Cyclooxygenase enzymes, COX-1 and COX-2, perform the rate-limiting step in the conversion of free arachidonic acid into prostaglandins and have distinct roles in physiologic and pathologic conditions (Wang and Dubois, 2010). COX-1 (PTGS1) is the constitutively expressed isoform involved in gastric mucosa protection and maintenance of vascular tone. Normally absent in most cells, COX-2 (PTGS2) expression is rapidly induced by pro-inflammatory and growth-associated stimuli. Substantial evidence has shown unregulated COX-2 expression to be a contributing factor in many chronic diseases and cancer (Menter et al., 2010). Numerous studies have demonstrated the benefit of inhibiting COX-2 activity with non-steroidal anti-inflammatory drugs and COX-2 selective inhibitors. However, unwanted cardiovascular side effects associated with long-term COX-2 inhibition has limited their use as primary chemoprevention agents (Menter et al., 2010).

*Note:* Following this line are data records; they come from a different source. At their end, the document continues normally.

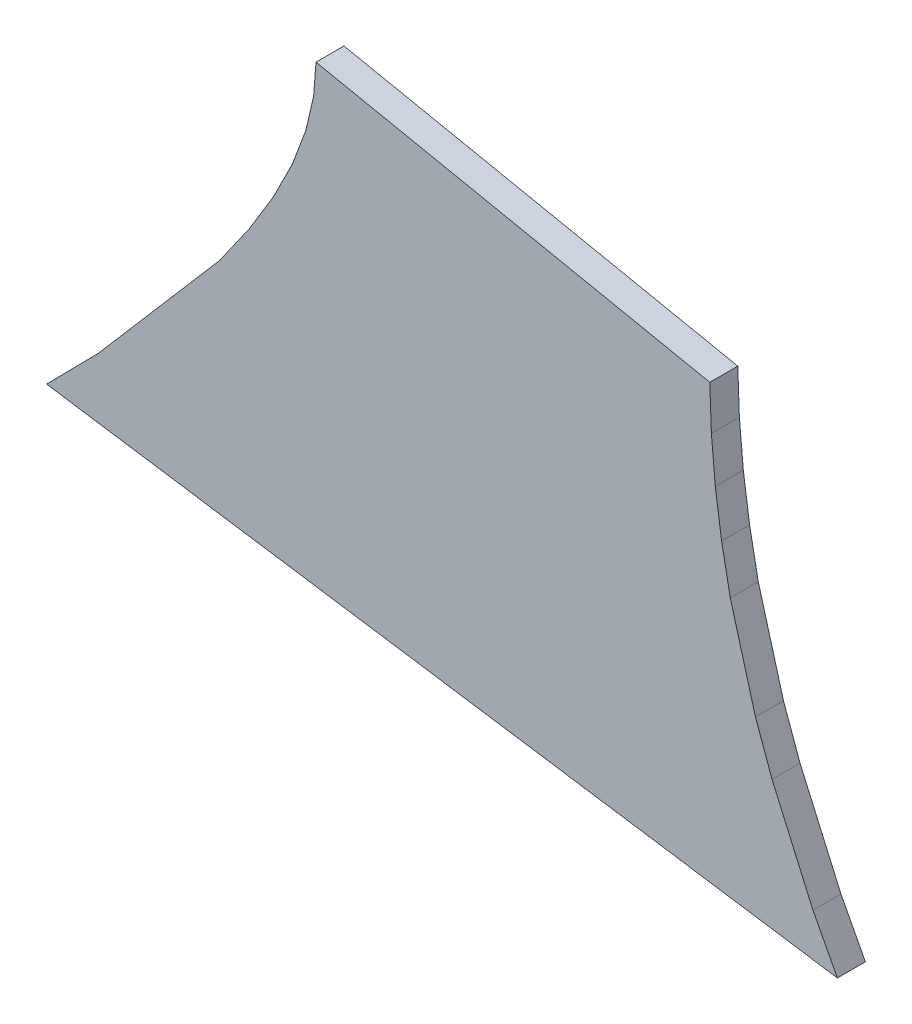
ISO-10303-21;
HEADER;
FILE_DESCRIPTION(('STEP AP214'),'2;1');
FILE_NAME('part.step','',(''),(''),'','','');
FILE_SCHEMA(('AUTOMOTIVE_DESIGN { 1 0 10303 214 1 1 1 1 }'));
ENDSEC;
DATA;
#1=APPLICATION_CONTEXT('core data for automotive mechanical design processes');
#2=APPLICATION_PROTOCOL_DEFINITION('international standard','automotive_design',2000,#1);
#3=PRODUCT_CONTEXT('',#1,'mechanical');
#4=PRODUCT('Part','Part','',(#3));
#5=PRODUCT_RELATED_PRODUCT_CATEGORY('part','',(#4));
#6=PRODUCT_DEFINITION_FORMATION('','',#4);
#7=PRODUCT_DEFINITION_CONTEXT('part definition',#1,'design');
#8=PRODUCT_DEFINITION('design','',#6,#7);
#9=PRODUCT_DEFINITION_SHAPE('','',#8);
#10=(LENGTH_UNIT() NAMED_UNIT(*) SI_UNIT(.MILLI.,.METRE.));
#11=(NAMED_UNIT(*) PLANE_ANGLE_UNIT() SI_UNIT($,.RADIAN.));
#12=(NAMED_UNIT(*) SI_UNIT($,.STERADIAN.) SOLID_ANGLE_UNIT());
#13=UNCERTAINTY_MEASURE_WITH_UNIT(LENGTH_MEASURE(1.E-05),#10,'distance_accuracy_value','');
#14=(GEOMETRIC_REPRESENTATION_CONTEXT(3) GLOBAL_UNCERTAINTY_ASSIGNED_CONTEXT((#13)) GLOBAL_UNIT_ASSIGNED_CONTEXT((#10,
#11,#12)) REPRESENTATION_CONTEXT('',''));
#15=CARTESIAN_POINT('',(0.,0.,0.));
#16=DIRECTION('',(0.,0.,1.));
#17=DIRECTION('',(1.,0.,0.));
#18=AXIS2_PLACEMENT_3D('',#15,#16,#17);
#19=CARTESIAN_POINT('',(87.2969970703125,109.977996826172,0.));
#20=DIRECTION('',(0.997056780120677,-0.0766666629989094,0.));
#21=DIRECTION('',(-0.0766666629989094,-0.997056780120677,0.));
#22=AXIS2_PLACEMENT_3D('',#19,#20,#21);
#23=PLANE('',#22);
#24=DIRECTION('',(-0.0766666629989094,-0.997056780120677,0.));
#25=VECTOR('',#24,1.);
#26=CARTESIAN_POINT('',(87.2969970703125,109.977996826172,0.03556));
#27=LINE('',#26,#25);
#28=CARTESIAN_POINT('',(87.2969970703125,109.977996826172,0.03556));
#29=VERTEX_POINT('',#28);
#30=CARTESIAN_POINT('',(87.2939987182617,109.939002990723,0.03556));
#31=VERTEX_POINT('',#30);
#32=EDGE_CURVE('E11',#29,#31,#27,.T.);
#33=ORIENTED_EDGE('',*,*,#32,.F.);
#34=DIRECTION('',(0.,0.,1.));
#35=VECTOR('',#34,1.);
#36=CARTESIAN_POINT('',(87.2969970703125,109.977996826172,0.));
#37=LINE('',#36,#35);
#38=CARTESIAN_POINT('',(87.2969970703125,109.977996826172,0.));
#39=VERTEX_POINT('',#38);
#40=EDGE_CURVE('E24',#39,#29,#37,.T.);
#41=ORIENTED_EDGE('',*,*,#40,.F.);
#42=DIRECTION('',(-0.0766666629989094,-0.997056780120677,0.));
#43=VECTOR('',#42,1.);
#44=CARTESIAN_POINT('',(87.2969970703125,109.977996826172,0.));
#45=LINE('',#44,#43);
#46=CARTESIAN_POINT('',(87.2939987182617,109.939002990723,0.));
#47=VERTEX_POINT('',#46);
#48=EDGE_CURVE('E160',#39,#47,#45,.T.);
#49=ORIENTED_EDGE('',*,*,#48,.T.);
#50=DIRECTION('',(0.,0.,1.));
#51=VECTOR('',#50,1.);
#52=CARTESIAN_POINT('',(87.2939987182617,109.939002990723,0.));
#53=LINE('',#52,#51);
#54=EDGE_CURVE('E37',#47,#31,#53,.T.);
#55=ORIENTED_EDGE('',*,*,#54,.T.);
#56=EDGE_LOOP('',(#33,#41,#49,#55));
#57=FACE_BOUND('',#56,.T.);
#58=ADVANCED_FACE('F17',(#57),#23,.F.);
#59=CARTESIAN_POINT('',(87.2939987182617,109.939002990723,0.));
#60=DIRECTION('',(0.97399649873471,-0.226563060653159,0.));
#61=DIRECTION('',(-0.226563060653159,-0.97399649873471,0.));
#62=AXIS2_PLACEMENT_3D('',#59,#60,#61);
#63=PLANE('',#62);
#64=DIRECTION('',(-0.226563060653159,-0.97399649873471,0.));
#65=VECTOR('',#64,1.);
#66=CARTESIAN_POINT('',(87.2939987182617,109.939002990723,0.03556));
#67=LINE('',#66,#65);
#68=CARTESIAN_POINT('',(87.2839965820313,109.896003723144,0.03556));
#69=VERTEX_POINT('',#68);
#70=EDGE_CURVE('E280',#31,#69,#67,.T.);
#71=ORIENTED_EDGE('',*,*,#70,.F.);
#72=ORIENTED_EDGE('',*,*,#54,.F.);
#73=DIRECTION('',(-0.226563060653159,-0.97399649873471,0.));
#74=VECTOR('',#73,1.);
#75=CARTESIAN_POINT('',(87.2939987182617,109.939002990723,0.));
#76=LINE('',#75,#74);
#77=CARTESIAN_POINT('',(87.2839965820313,109.896003723144,0.));
#78=VERTEX_POINT('',#77);
#79=EDGE_CURVE('E277',#47,#78,#76,.T.);
#80=ORIENTED_EDGE('',*,*,#79,.T.);
#81=DIRECTION('',(0.,0.,1.));
#82=VECTOR('',#81,1.);
#83=CARTESIAN_POINT('',(87.2839965820313,109.896003723144,0.));
#84=LINE('',#83,#82);
#85=EDGE_CURVE('E275',#78,#69,#84,.T.);
#86=ORIENTED_EDGE('',*,*,#85,.T.);
#87=EDGE_LOOP('',(#71,#72,#80,#86));
#88=FACE_BOUND('',#87,.T.);
#89=ADVANCED_FACE('F288',(#88),#63,.F.);
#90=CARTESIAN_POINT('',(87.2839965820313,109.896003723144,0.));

Many genetic variants within the COX-2 gene have been identified and select polymorphisms have shown disease association. Several studies have identified the variant allele of one particular single-nucleotide polymorphism (SNP), T8473C (rs5275), to be associated with increased risk and/or NSAID responsiveness in a number of cancers where COX-2 overexpression has been observed (Campa et al., 2004; Ali et al., 2005; Siezen et al., 2005; Langsenlehner et al., 2006; Shen et al., 2006; Ferguson et al., 2008; Vogel et al., 2008; Gong et al., 2009; Ozhan et al., 2010). The T8473C SNP is located in exon 10 which encodes the COX-2 3′-untranslated region (3′-UTR), and work from our group and others has identified the significance of this region in targeting COX-2 mRNA for post-transcriptional regulation (Young and Dixon, 2010).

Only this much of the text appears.